# Confidence



## allgrnpenguin (Jan 8, 2012)

ABagofButter said:


> So other than the normal "just go for it" is there any other way that could help my confidence when approaching a new trick? I try the go for it method but a lot of the times it doesn't work out


Hey I can't comment from personal experience 'cause I can't do any tricks, but have you seen the Snowboard Addiction vids? They come with some pretty cool 'mental training' tips, advice about visualisation etc... if you download them.


----------



## ShredLife (Feb 6, 2010)

for me the best thing for getting over fear of a feature is to hike it. you get to watch other people hit it and learn from that, and you aren't doing the whole run so you only focus on the feature you're hiking.

same thing goes for a new trick. find a feature it fits well and hike it. repeat. repeat. repeat.

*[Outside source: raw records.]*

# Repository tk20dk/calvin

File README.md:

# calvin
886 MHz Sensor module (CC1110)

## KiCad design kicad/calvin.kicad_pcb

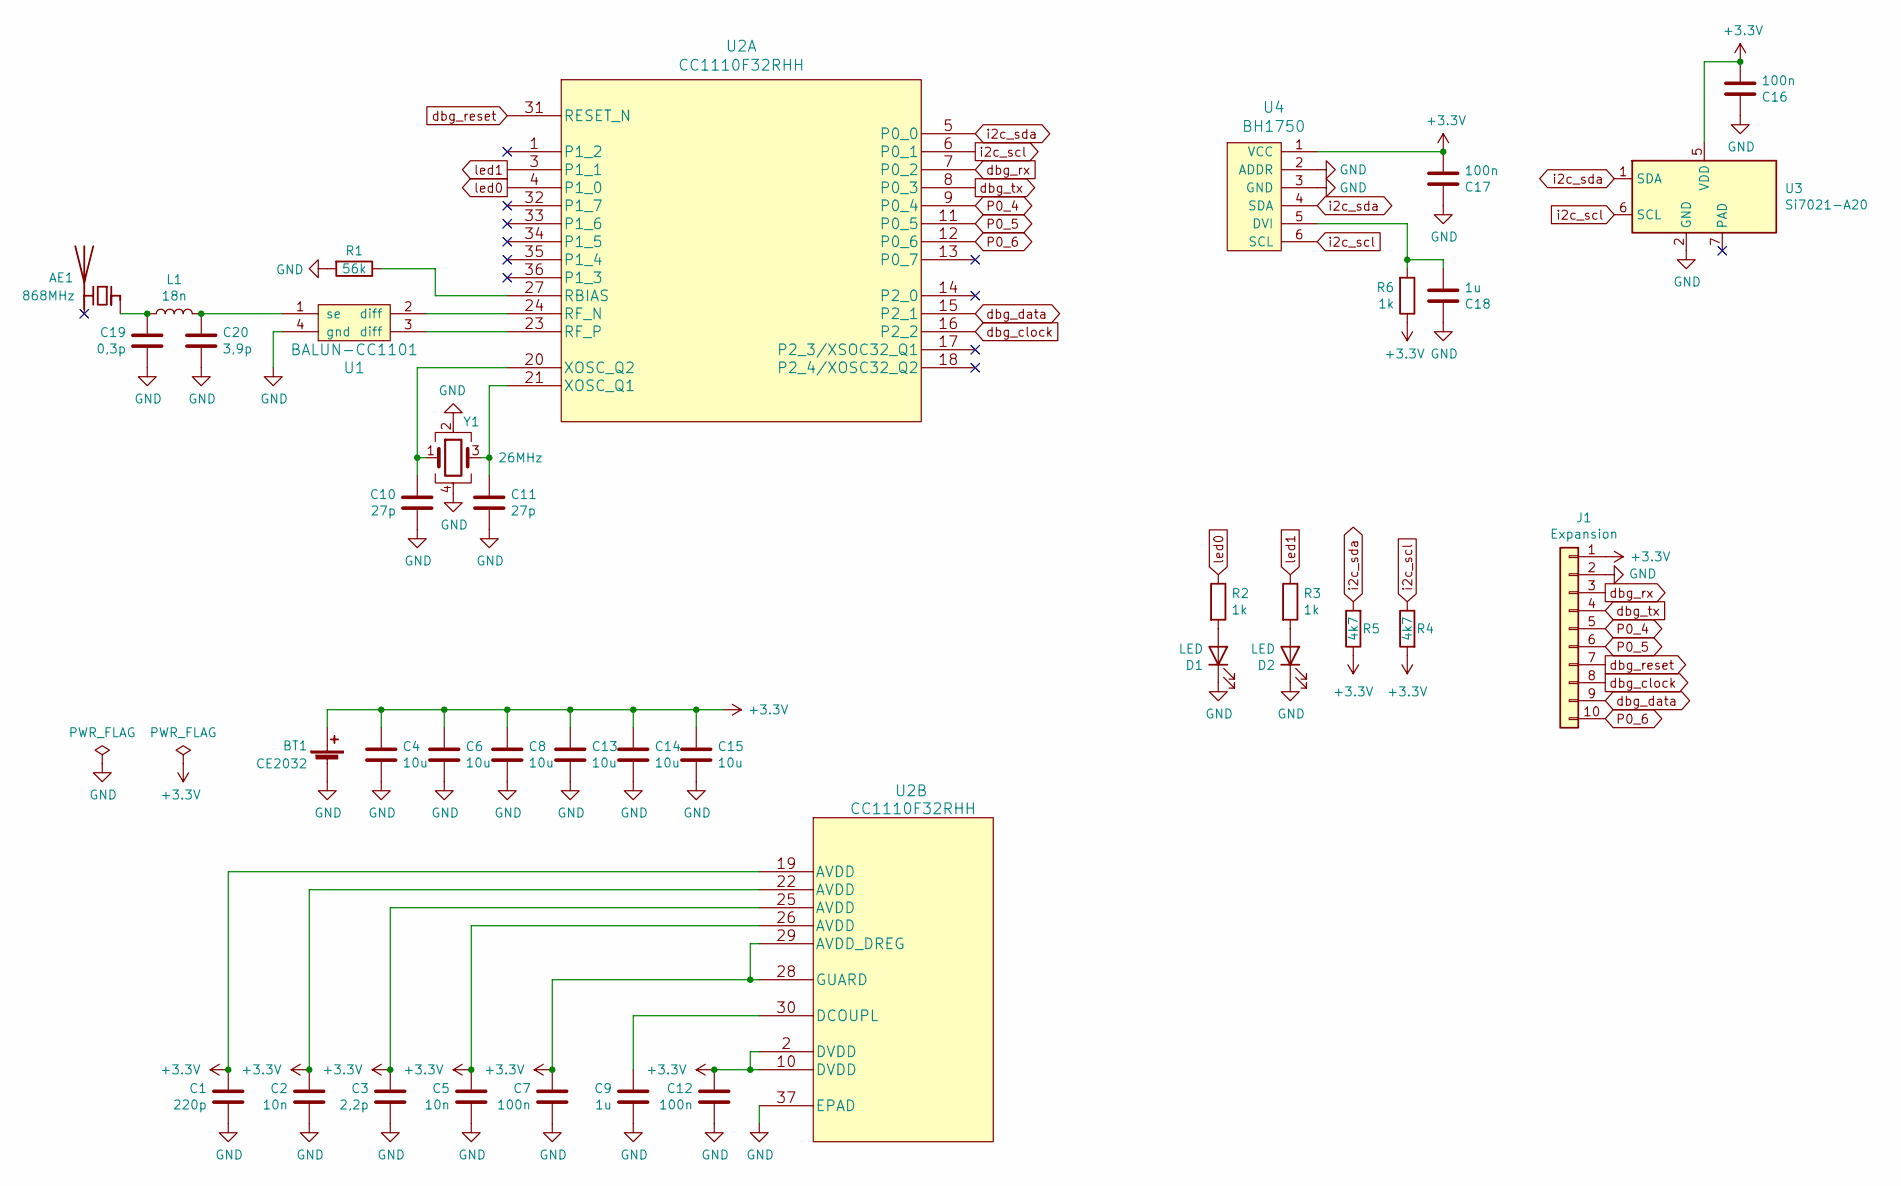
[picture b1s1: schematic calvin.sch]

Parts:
AE1: 868MHz; 0868AT43A0020
BT1: CE2032; CR2032_HOLDER_02
C1: 220p; C_0402_1005Metric
C2, C5: 10n; C_0402_1005Metric
C3: 2,2p; C_0402_1005Metric
C4, C6, C8, C13, C14, C15: 10u; C_0805_2012Metric
C7, C12, C16, C17: 100n; C_0402_1005Metric
C9, C18: 1u; C_0402_1005Metric
C10, C11: 27p; C_0402_1005Metric
C19: 0,3p; C_0402_1005Metric
C20: 3,9p; C_0402_1005Metric
D1, D2: LED; LED_0402_1005Metric
J1: Expansion; JST_SH_SM10B-SRSS-TB_1x10-1MP_P1.00mm_Horizontal
L1: 18n; L_0402_1005Metric
R1: 56k; R_0402_1005Metric
R2, R3, R6: 1k; R_0402_1005Metric
R4, R5: 4k7; R_0402_1005Metric
U1: BALUN-CC1101
U2: CC1110F32RHH; CC111x
U3: Si7021-A20; DFN-6-1EP_3x3mm_P1mm_EP1.5x2.4mm; LCSC C430231
U4: BH1750
Y1: 26MHz; Crystal_SMD_2016-4Pin_2.0x1.6mm; LCSC C1987154

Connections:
+3V3: BT1.1 (+), C1.1, C2.1, C3.1, C4.1, C5.1, C6.1, C7.1, C8.1, C12.1, C13.1, C14.1, C15.1, C16.2, C17.2, J1.1, R4.2, R5.1, R6.1, U2.2 (DVDD), U2.10 (DVDD), U2.19 (AVDD), U2.22 (AVDD), U2.25 (AVDD), U2.26 (AVDD), U2.28 (GUARD), U2.29 (AVDD_DREG), U3.5 (VDD), U4.1 (VCC)
GND: BT1.2 (-), C1.2, C2.2, C3.2, C4.2, C5.2, C6.2, C7.2, C8.2, C9.2, C10.1, C11.2, C12.2, C13.2, C14.2, C15.2, C16.1, C17.1, C18.1, C19.1, C20.2, D1.1 (K), D2.1 (K), J1.2, R1.2, U1.4 (gnd), U2.37 (EPAD), U3.2 (GND), U4.2 (ADDR), U4.3 (GND), Y1.2, Y1.4
unnamed: AE1.1 (FEED), C19.2, L1.1
unnamed: C9.1, U2.30 (DCOUPL)
unnamed: C10.2, U2.20 (XOSC_Q2), Y1.1
unnamed: C11.1, U2.21 (XOSC_Q1), Y1.3
unnamed: C18.2, R6.2, U4.5 (DVI)
unnamed: C20.1, L1.2, U1.1 (se)
unnamed: D1.2 (A), R2.2
unnamed: D2.2 (A), R3.2
unnamed: R1.1, U2.27 (RBIAS)
unnamed: U1.2 (diff), U2.24 (RF_N)
unnamed: U1.3 (diff), U2.23 (RF_P)
P0_4: J1.5, U2.9 (P0_4)
P0_5: J1.6, U2.11 (P0_5)
P0_6: J1.10, U2.12 (P0_6)
dbg_clock: J1.8, U2.16 (P2_2)
dbg_data: J1.9, U2.15 (P2_1)
dbg_reset: J1.7, U2.31 (RESET_N)
dbg_rx: J1.3, U2.7 (P0_2)
dbg_tx: J1.4, U2.8 (P0_3)
i2c_scl: R4.1, U2.6 (P0_1), U3.6 (SCL), U4.6 (SCL)
i2c_sda: R5.2, U2.5 (P0_0), U3.1 (SDA), U4.4 (SDA)
led0: R2.1, U2.4 (P1_0)
led1: R3.1, U2.3 (P1_1)

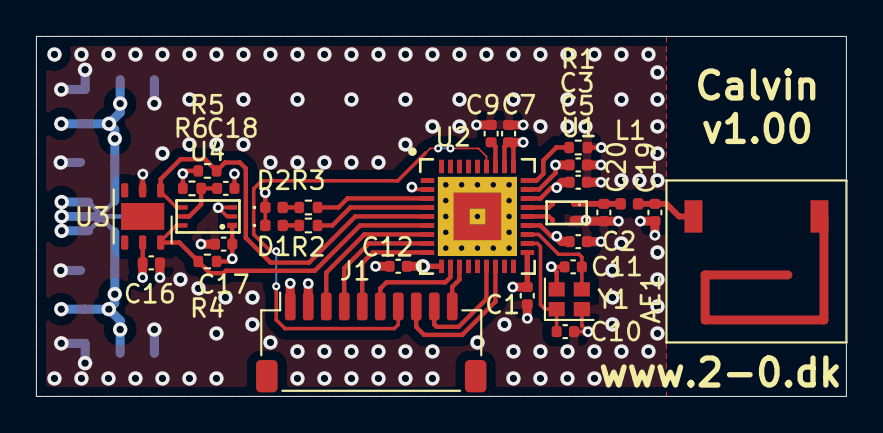
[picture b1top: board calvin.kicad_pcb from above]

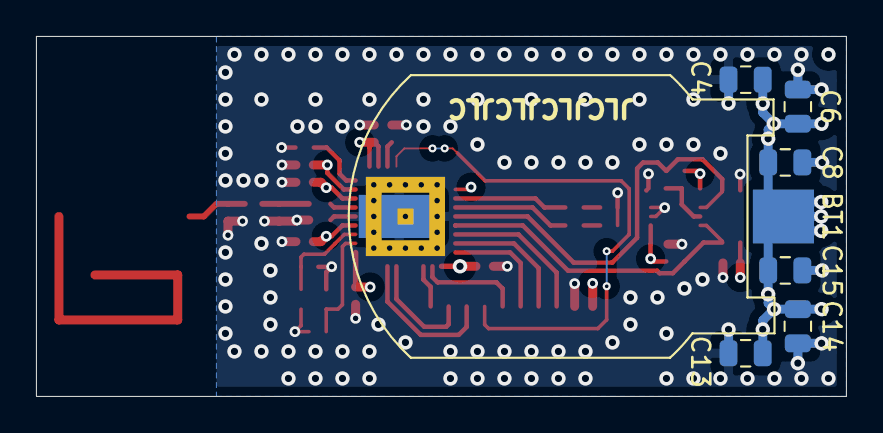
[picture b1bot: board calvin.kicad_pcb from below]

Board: 4 copper layers, 45.0 x 20.0 mm, 37 parts (7 on the bottom side), 25 nets.

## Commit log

2021-03-27 v1.00 ready for review
2021-04-11 calvin_v1.00

on days when the snow is soft get after it even more.


----------



## lo0p (Feb 26, 2011)

ABagofButter said:


> So other than the normal "just go for it" is there any other way that could help my confidence when approaching a new trick? I try the go for it method but a lot of the times it doesn't work out


Helmet / Pads?


----------



## Donutz (May 12, 2010)

I try to break down the trick or feature into parts and work on the parts. Like small jump, bigger jump, bigger jump, or do 180's while standing, do ollies while standing, then start combining them. The point is to convince yourself that no part of the trick is beyond you.


----------



## gjsnowboarder (Sep 1, 2009)

Donutz said:


> I try to break down the trick or feature into parts and work on the parts. Like small jump, bigger jump, bigger jump, or do 180's while standing, do ollies while standing, then start combining them. The point is to convince yourself that no part of the trick is beyond you.


 +1
This is great advice and leads to actual progression of skills rather than "trial and error" hucking. This can included practicing the individual parts outside the park. Like getting comfortable for speed by flat boarding down a steep face.

Also game planning the trick can lead to a successful attempt. In the more recent Transworld Snowboarding magazines you may notice them being broken down by a model called ATML. Gaming planning what you need to do in each phase can lead to more succesful attempts, or at least and understanding to why you got munched . The four parts of it are listed below.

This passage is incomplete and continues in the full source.